By this opinion, we do not depreciate the privacy concerns raised by the Personnel Board. As a society, we are sympathetic and protective of victims of rape, incest, and sexual harassment. For example, many newspapers have a policy not to print the names of victims of rape out of concern for the victim's privacy. In a given case, the privacy interest of the victims could outweigh the public's right to inspect government records.
However, when individuals voluntarily testify in an open hearing, whether in court, or before an administrative tribunal, they do not have a reasonable expectation of privacy concerning their testimony or their identities. By definition, open hearings are conducted in public and testimony from such hearings (or orders pertaining thereto) are also open to the public, unless excepted by some other recognized exemption in the Open Records Act.
It is therefore the opinion of the Attorney General that the Kentucky Personnel Board was not justified in redacting from the records tghe names of the employees who testified in open hearings before releasing the records to the Courier-Journal. However, was emphasize that the privacy exemption must be considered on a case-by-case basis.
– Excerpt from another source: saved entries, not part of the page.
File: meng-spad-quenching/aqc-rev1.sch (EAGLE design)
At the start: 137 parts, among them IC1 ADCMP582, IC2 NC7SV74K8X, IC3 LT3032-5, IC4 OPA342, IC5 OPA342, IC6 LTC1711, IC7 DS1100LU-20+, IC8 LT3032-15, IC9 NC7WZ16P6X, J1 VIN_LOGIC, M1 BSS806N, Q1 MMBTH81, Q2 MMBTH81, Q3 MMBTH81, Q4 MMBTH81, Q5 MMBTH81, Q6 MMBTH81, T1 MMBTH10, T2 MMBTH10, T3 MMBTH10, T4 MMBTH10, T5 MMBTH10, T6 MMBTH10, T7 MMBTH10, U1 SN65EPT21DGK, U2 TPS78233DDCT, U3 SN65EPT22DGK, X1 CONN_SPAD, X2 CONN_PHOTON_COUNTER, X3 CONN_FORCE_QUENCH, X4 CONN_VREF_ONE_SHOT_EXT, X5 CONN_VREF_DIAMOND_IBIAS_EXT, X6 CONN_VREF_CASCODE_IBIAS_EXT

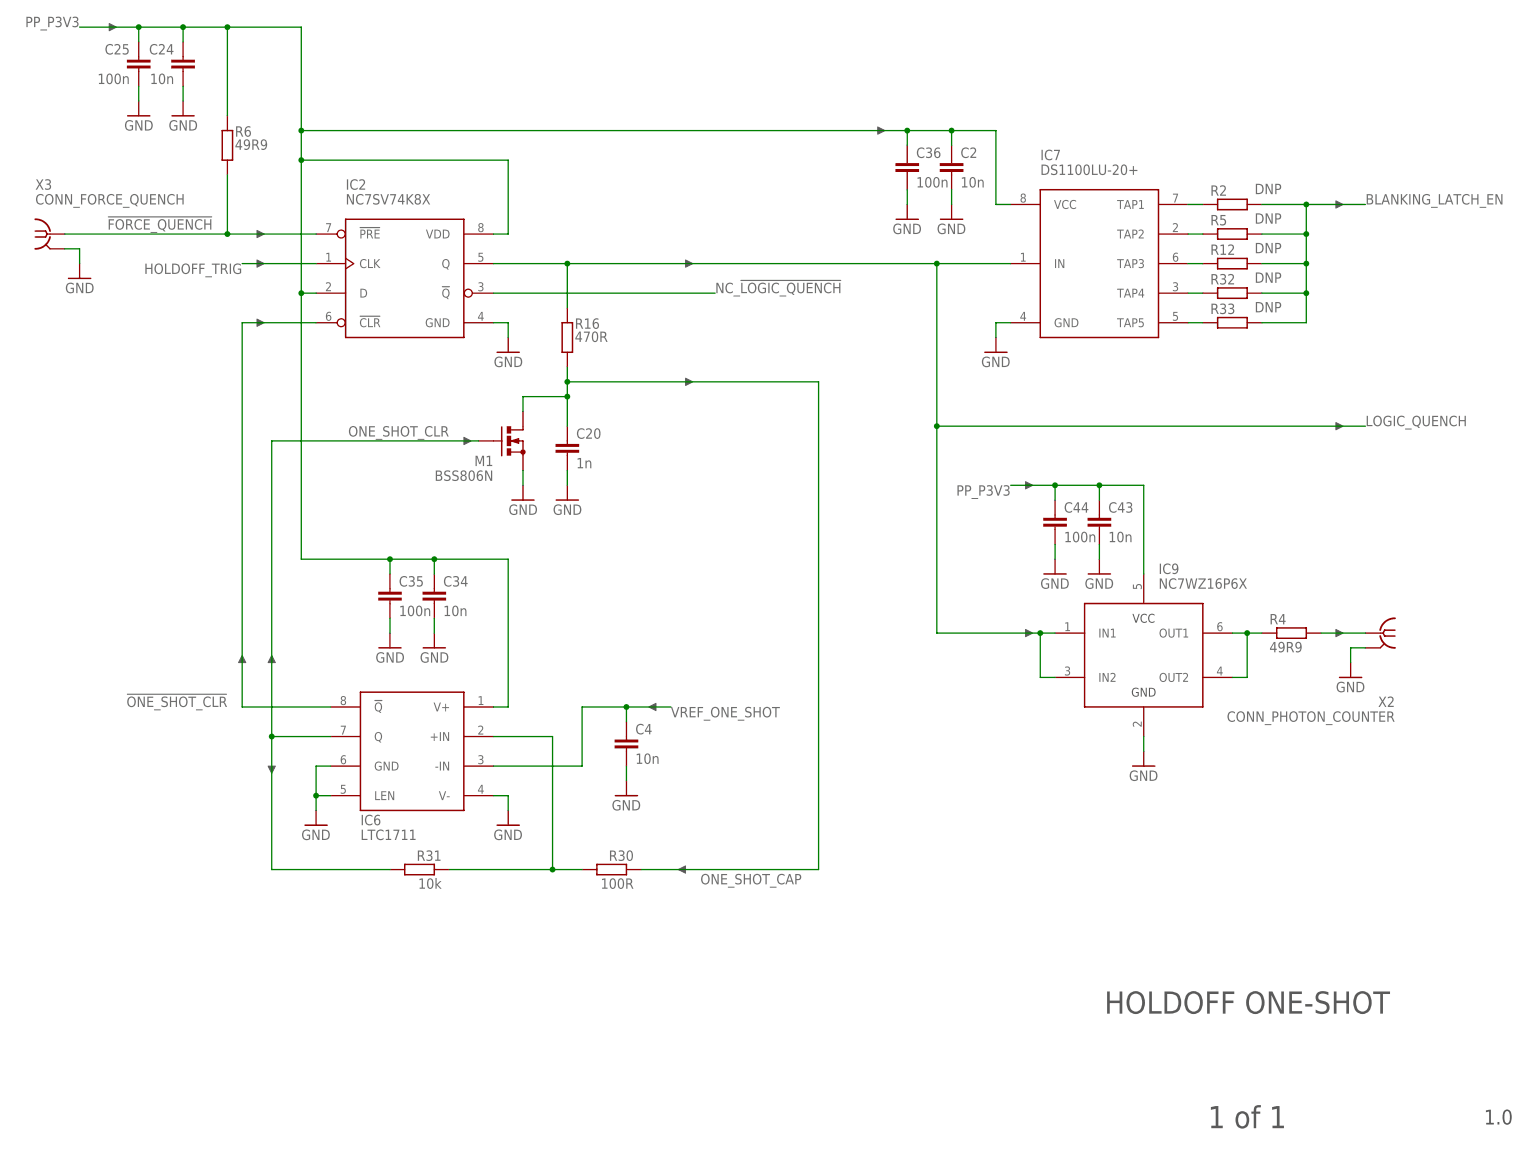
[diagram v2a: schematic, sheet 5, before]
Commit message: More layout, switched delay line to be driven from line driver
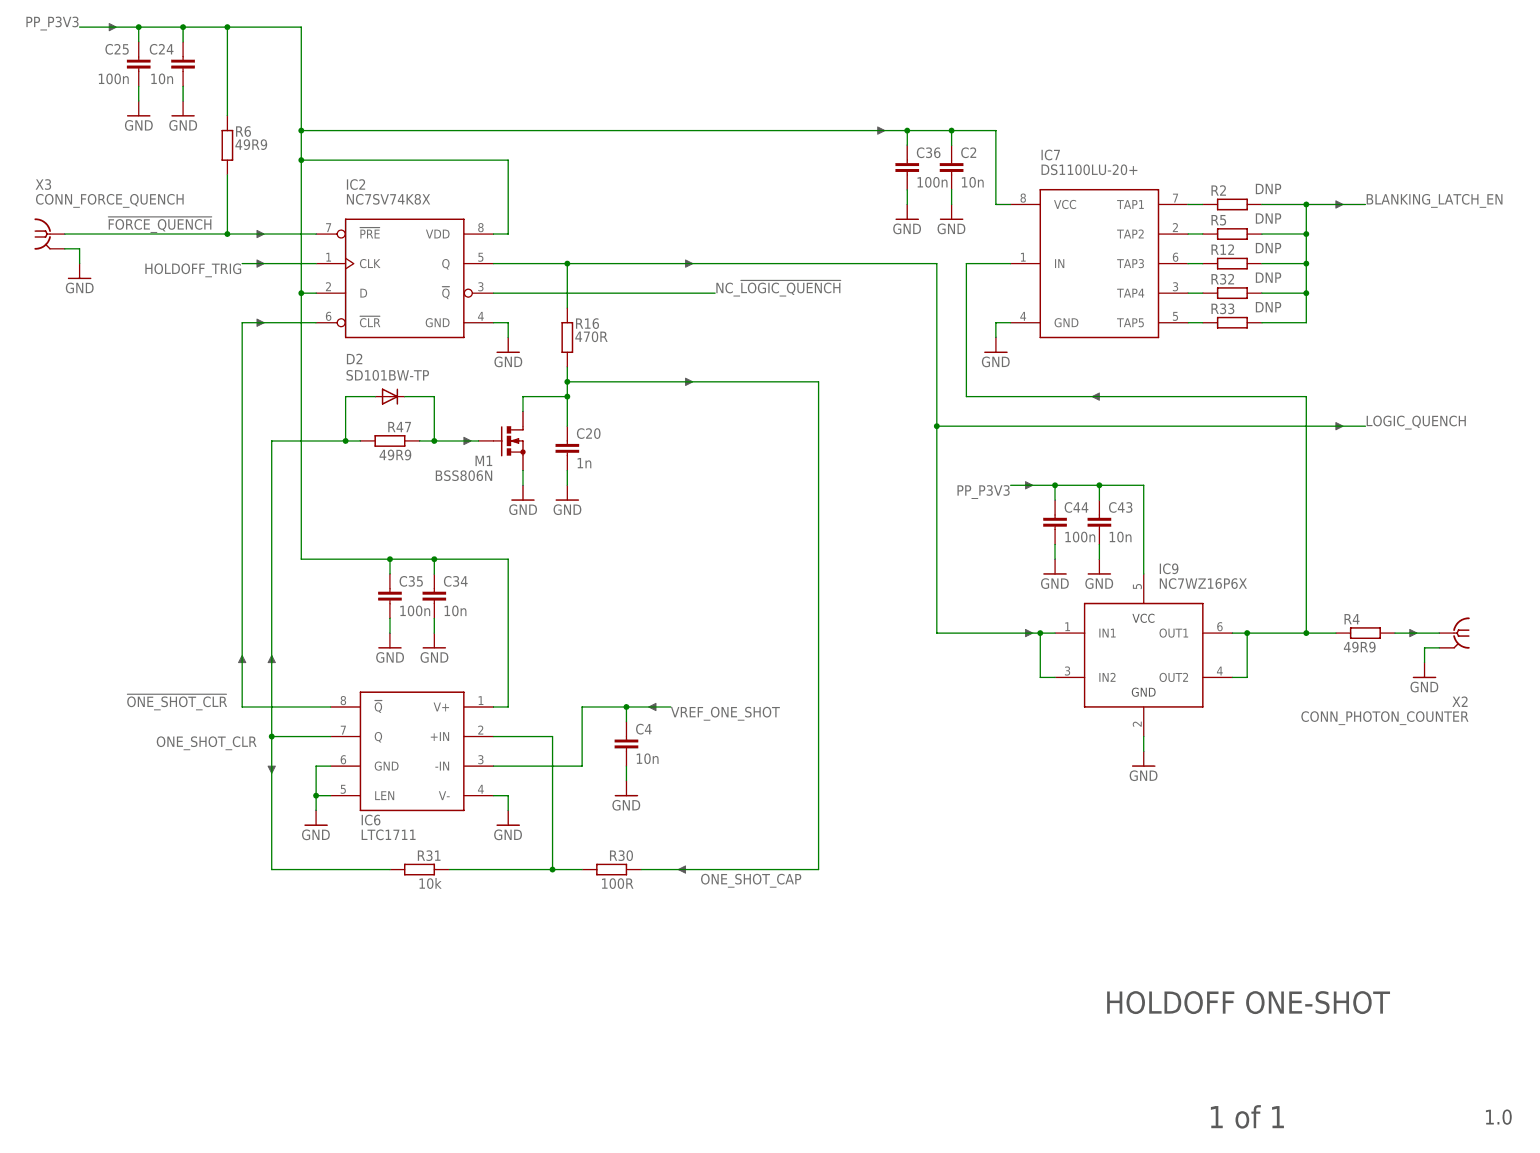
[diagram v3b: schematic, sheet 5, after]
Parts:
- added D2: SD101BW-TP, diode:DIODE-SOD123
- added R47: 49R9, rcl:R-EU_R0603
- C4, C43, C44: device rcl:C-EUC0603 -> rcl:C-EUC0402
- R10, R8, R9: device rcl:R-EU_R0603 -> rcl:R-EU_R0402
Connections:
- new net N$36: D2.C, M1.G, R47.2
- net LOGIC_QUENCH: no longer IC7.IN
- net N$37: now also IC7.IN
- net ONE_SHOT_CLR: now also D2.A, R47.1; no longer M1.G
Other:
- note added: "Max. unterminated length for t_rise = 1ns is ~1in."
- note added: "Reduce loading of d-flop as much as possible"
- moved on the sheet: R4, X2
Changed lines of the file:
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@@
 <part name="DNP18" library="meng" deviceset="ARROW_1DIR" device=""/>
 <part name="DNP19" library="meng" deviceset="ARROW_1DIR" device=""/>
-<part name="R8" library="rcl" deviceset="R-EU_" device="R0603" value="100R"/>
-<part name="R9" library="rcl" deviceset="R-EU_" device="R0603" value="150R"/>
-<part name="R10" library="rcl" deviceset="R-EU_" device="R0603" value="150R"/>
+<part name="R8" library="rcl" deviceset="R-EU_" device="R0402" value="100R"/>
+<part name="R9" library="rcl" deviceset="R-EU_" device="R0402" value="150R"/>
+<part name="R10" library="rcl" deviceset="R-EU_" device="R0402" value="150R"/>
 <part name="GND20" library="supply1" deviceset="GND" device=""/>
 <part name="GND21" library="supply1" deviceset="GND" device=""/>
@@
 <part name="GND13" library="supply1" deviceset="GND" device=""/>
 <part name="DNP41" library="meng" deviceset="ARROW_1DIR" device=""/>
-<part name="C4" library="rcl" deviceset="C-EU" device="C0603" value="10n"/>
+<part name="C4" library="rcl" deviceset="C-EU" device="C0402" value="10n"/>
 <part name="GND14" library="supply1" deviceset="GND" device=""/>
 <part name="R35" library="rcl" deviceset="R-EU_" device="R0603" value="DNP"/>
@@
 <part name="C5" library="rcl" deviceset="C-EU" device="C0603" value="10n"/>
 <part name="IC9" library="meng" deviceset="NC7WZ16P6X" device=""/>
-<part name="C43" library="rcl" deviceset="C-EU" device="C0603" value="10n"/>
-<part name="C44" library="rcl" deviceset="C-EU" device="C0603" value="100n"/>
+<part name="C43" library="rcl" deviceset="C-EU" device="C0402" value="10n"/>
+<part name="C44" library="rcl" deviceset="C-EU" device="C0402" value="100n"/>
 <part name="R4" library="rcl" deviceset="R-EU_" device="R0603" value="49R9"/>
 <part name="GND6" library="supply1" deviceset="GND" device=""/>
@@
 </part>
 <part name="GND79" library="supply1" deviceset="GND" device=""/>
+<part name="R47" library="rcl" deviceset="R-EU_" device="R0603" value="49R9"/>
+<part name="D2" library="diode" deviceset="DIODE-" device="SOD123" value="SD101BW-TP"/>
+<part name="DNP68" library="meng" deviceset="ARROW_1DIR" device=""/>
 </parts>
 <sheets>
@@
 <text x="114.3" y="111.76" size="3.81" layer="97" font="vector" align="center-left">HOLDOFF ONE-SHOT</text>
 <text x="114.3" y="101.6" size="3.81" layer="97" font="vector" align="center-left">CONTROL INPUT CONNECTORS</text>
-<text x="10.16" y="25.4" size="3.81" layer="97">Routing Notes:</text>
+<text x="10.16" y="30.48" size="3.81" layer="97">Routing Notes:</text>
+<text x="10.16" y="22.86" size="2.54" layer="97">Max. unterminated length for t_rise = 1ns is ~1in.</text>
 </plain>
 <instances>
@@
 <text x="266.7" y="8.255" size="2.54" layer="97" font="vector" align="center">1.0</text>
 <text x="223.52" y="8.255" size="3.81" layer="97" font="vector" align="center">1 of 1</text>
-<text x="248.92" y="99.06" size="1.778" layer="98" rot="R180">To pulse counter</text>
+<text x="261.62" y="99.06" size="1.778" layer="98" rot="R180">To pulse counter</text>
 <text x="10.16" y="144.78" size="1.778" layer="98">From control logic</text>
 <text x="10.16" y="142.24" size="1.778" layer="98">Assert before probe has landed</text>
+<text x="187.96" y="134.62" size="1.778" layer="98">Reduce loading of d-flop as much as possible</text>
 </plain>
 <instances>
@@
 <attribute name="VALUE" x="114.3" y="60.96" size="1.778" layer="96"/>
 </instance>
-<instance part="X2" gate="G1" x="246.38" y="91.44" smashed="yes" rot="MR0">
-<attribute name="VALUE" x="248.92" y="76.2" size="1.778" layer="96" rot="MR0"/>
-<attribute name="NAME" x="248.92" y="78.74" size="1.778" layer="95" rot="MR0"/>
-</instance>
-<instance part="GND10" gate="1" x="241.3" y="83.82" smashed="yes">
-<attribute name="VALUE" x="238.76" y="81.28" size="1.778" layer="96"/>
-</instance>
-<instance part="DNP13" gate="G$1" x="238.76" y="91.44" smashed="yes"/>
+<instance part="X2" gate="G1" x="259.08" y="91.44" smashed="yes" rot="MR0">
+<attribute name="VALUE" x="261.62" y="76.2" size="1.778" layer="96" rot="MR0"/>
+<attribute name="NAME" x="261.62" y="78.74" size="1.778" layer="95" rot="MR0"/>
+</instance>
+<instance part="GND10" gate="1" x="254" y="83.82" smashed="yes">
+<attribute name="VALUE" x="251.46" y="81.28" size="1.778" layer="96"/>
+</instance>
+<instance part="DNP13" gate="G$1" x="251.46" y="91.44" smashed="yes"/>
 <instance part="IC9" gate="G$1" x="195.58" y="78.74"/>
 <instance part="C43" gate="G$1" x="198.12" y="111.76" smashed="yes">
@@
 <attribute name="VALUE" x="192.024" y="107.061" size="1.778" layer="96"/>
 </instance>
-<instance part="R4" gate="G$1" x="231.14" y="91.44" smashed="yes" rot="R180">
-<attribute name="NAME" x="227.33" y="92.9386" size="1.778" layer="95"/>
-<attribute name="VALUE" x="227.33" y="88.138" size="1.778" layer="96"/>
+<instance part="R4" gate="G$1" x="243.84" y="91.44" smashed="yes" rot="R180">
+<attribute name="NAME" x="240.03" y="92.9386" size="1.778" layer="95"/>
+<attribute name="VALUE" x="240.03" y="88.138" size="1.778" layer="96"/>
 </instance>
 <instance part="GND6" gate="1" x="205.74" y="68.58" smashed="yes">
@@
 <attribute name="VALUE" x="25.4" y="149.86" size="1.778" layer="96" rot="MR0"/>
 </instance>
+<instance part="R47" gate="G$1" x="76.2" y="124.46" smashed="yes" rot="MR180">
+<attribute name="NAME" x="80.01" y="125.9586" size="1.778" layer="95" rot="MR0"/>
+<attribute name="VALUE" x="80.01" y="121.158" size="1.778" layer="96" rot="MR0"/>
+</instance>
+<instance part="D2" gate="G$1" x="76.2" y="132.08" smashed="yes">
+<attribute name="NAME" x="68.58" y="137.6426" size="1.778" layer="95"/>
+<attribute name="VALUE" x="68.58" y="134.8486" size="1.778" layer="96"/>
+</instance>
+<instance part="DNP68" gate="G$1" x="198.12" y="132.08" smashed="yes" rot="R180"/>
 </instances>
 <busses>
@@
 <segment>
 <pinref part="GND10" gate="1" pin="GND"/>
-<wire x1="241.3" y1="86.36" x2="241.3" y2="88.9" width="0.1524" layer="91"/>
+<wire x1="254" y1="86.36" x2="254" y2="88.9" width="0.1524" layer="91"/>
 <pinref part="X2" gate="G1" pin="GND"/>
-<wire x1="241.3" y1="88.9" x2="243.84" y2="88.9" width="0.1524" layer="91"/>
+<wire x1="254" y1="88.9" x2="256.54" y2="88.9" width="0.1524" layer="91"/>
 </segment>
 <segment>
@@
 <junction x="106.68" y="154.94"/>
 <label x="243.84" y="127" size="1.778" layer="95"/>
-<pinref part="IC7" gate="G$1" pin="IN"/>
 <wire x1="106.68" y1="154.94" x2="170.18" y2="154.94" width="0.1524" layer="91"/>
-<wire x1="170.18" y1="154.94" x2="182.88" y2="154.94" width="0.1524" layer="91"/>
 <wire x1="170.18" y1="154.94" x2="170.18" y2="127" width="0.1524" layer="91"/>
 <wire x1="170.18" y1="127" x2="243.84" y2="127" width="0.1524" layer="91"/>
-<junction x="170.18" y="154.94"/>
 <pinref part="IC9" gate="G$1" pin="IN2"/>
 <wire x1="190.5" y1="83.82" x2="187.96" y2="83.82" width="0.1524" layer="91"/>
@@
 <net name="ONE_SHOT_CLR" class="0">
 <segment>
-<pinref part="M1" gate="G$1" pin="G"/>
 <pinref part="R31" gate="G$1" pin="1"/>
 <wire x1="76.2" y1="50.8" x2="55.88" y2="50.8" width="0.1524" layer="91"/>
@@
 <wire x1="55.88" y1="73.66" x2="66.04" y2="73.66" width="0.1524" layer="91"/>
 <junction x="55.88" y="73.66"/>
-<wire x1="91.44" y1="124.46" x2="55.88" y2="124.46" width="0.1524" layer="91"/>
 <wire x1="55.88" y1="124.46" x2="55.88" y2="73.66" width="0.1524" layer="91"/>
-<label x="86.36" y="127" size="1.778" layer="95" rot="R180"/>
+<label x="53.34" y="73.66" size="1.778" layer="95" rot="R180"/>
+<pinref part="R47" gate="G$1" pin="1"/>
+<wire x1="55.88" y1="124.46" x2="68.58" y2="124.46" width="0.1524" layer="91"/>
+<pinref part="D2" gate="G$1" pin="A"/>
+<wire x1="68.58" y1="124.46" x2="71.12" y2="124.46" width="0.1524" layer="91"/>
+<wire x1="73.66" y1="132.08" x2="68.58" y2="132.08" width="0.1524" layer="91"/>
+<wire x1="68.58" y1="132.08" x2="68.58" y2="124.46" width="0.1524" layer="91"/>
+<junction x="68.58" y="124.46"/>
 </segment>
 </net>
@@
 <segment>
 <pinref part="X2" gate="G1" pin="1"/>
-<wire x1="236.22" y1="91.44" x2="243.84" y2="91.44" width="0.1524" layer="91"/>
+<wire x1="248.92" y1="91.44" x2="256.54" y2="91.44" width="0.1524" layer="91"/>
 <pinref part="R4" gate="G$1" pin="1"/>
 </segment>
@@
 <wire x1="223.52" y1="83.82" x2="223.52" y2="91.44" width="0.1524" layer="91"/>
 <pinref part="R4" gate="G$1" pin="2"/>
-<wire x1="223.52" y1="91.44" x2="226.06" y2="91.44" width="0.1524" layer="91"/>
+<wire x1="223.52" y1="91.44" x2="233.68" y2="91.44" width="0.1524" layer="91"/>
 <junction x="223.52" y="91.44"/>
+<wire x1="233.68" y1="91.44" x2="238.76" y2="91.44" width="0.1524" layer="91"/>
+<wire x1="233.68" y1="91.44" x2="233.68" y2="132.08" width="0.1524" layer="91"/>
+<wire x1="233.68" y1="132.08" x2="175.26" y2="132.08" width="0.1524" layer="91"/>
+<wire x1="175.26" y1="132.08" x2="175.26" y2="154.94" width="0.1524" layer="91"/>
+<pinref part="IC7" gate="G$1" pin="IN"/>
+<wire x1="175.26" y1="154.94" x2="182.88" y2="154.94" width="0.1524" layer="91"/>
+<junction x="233.68" y="91.44"/>
 </segment>
 </net>
@@
 </segment>
 </net>
+<net name="N$36" class="0">
+<segment>
+<pinref part="R47" gate="G$1" pin="2"/>
+<pinref part="M1" gate="G$1" pin="G"/>
+<wire x1="81.28" y1="124.46" x2="83.82" y2="124.46" width="0.1524" layer="91"/>
+<pinref part="D2" gate="G$1" pin="C"/>
+<wire x1="83.82" y1="124.46" x2="91.44" y2="124.46" width="0.1524" layer="91"/>
+<wire x1="78.74" y1="132.08" x2="83.82" y2="132.08" width="0.1524" layer="91"/>
+<wire x1="83.82" y1="132.08" x2="83.82" y2="124.46" width="0.1524" layer="91"/>
+<junction x="83.82" y="124.46"/>
+</segment>
+</net>

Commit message: More routing. 10 airwires!
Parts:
- added C45, C46: 10n, rcl:C-EUC0402
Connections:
- net GND: now also C45.2, C46.2
- net VREF_CASCODE_IBIAS: now also C45.1
- net VREF_DIAMOND_IBIAS: now also C46.1
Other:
- moved on the sheet: C29, C30, IC5, R27, R29, T7

We do not suggest that, in future cases where sexual harassment victims testify in closed hearings, the balancing test would necessarily require disclosure of the victims; identities. We only hold that under these specific facts, i.e., where the victims testified in open hearings, that redacting the victims' names was not justified by the privacy exemption.
As required by statute, a copy of this opinion is being mailed to Kimberly K. Green, who requested it. You have the right to initiate further proceedings in the approprate circuit court pursuant to KRS 61.880(5) and KRS 61.881.
Footnotes
Footnotes
1 The hearing officer could have better protected the privacy of the female employees by using a pseudonym such as "Jane Doe" in referring to each witness in these findings.
2 We express no opinion as to whether or not the Personnel Board hearing officer could have legally closed the hearings to the public.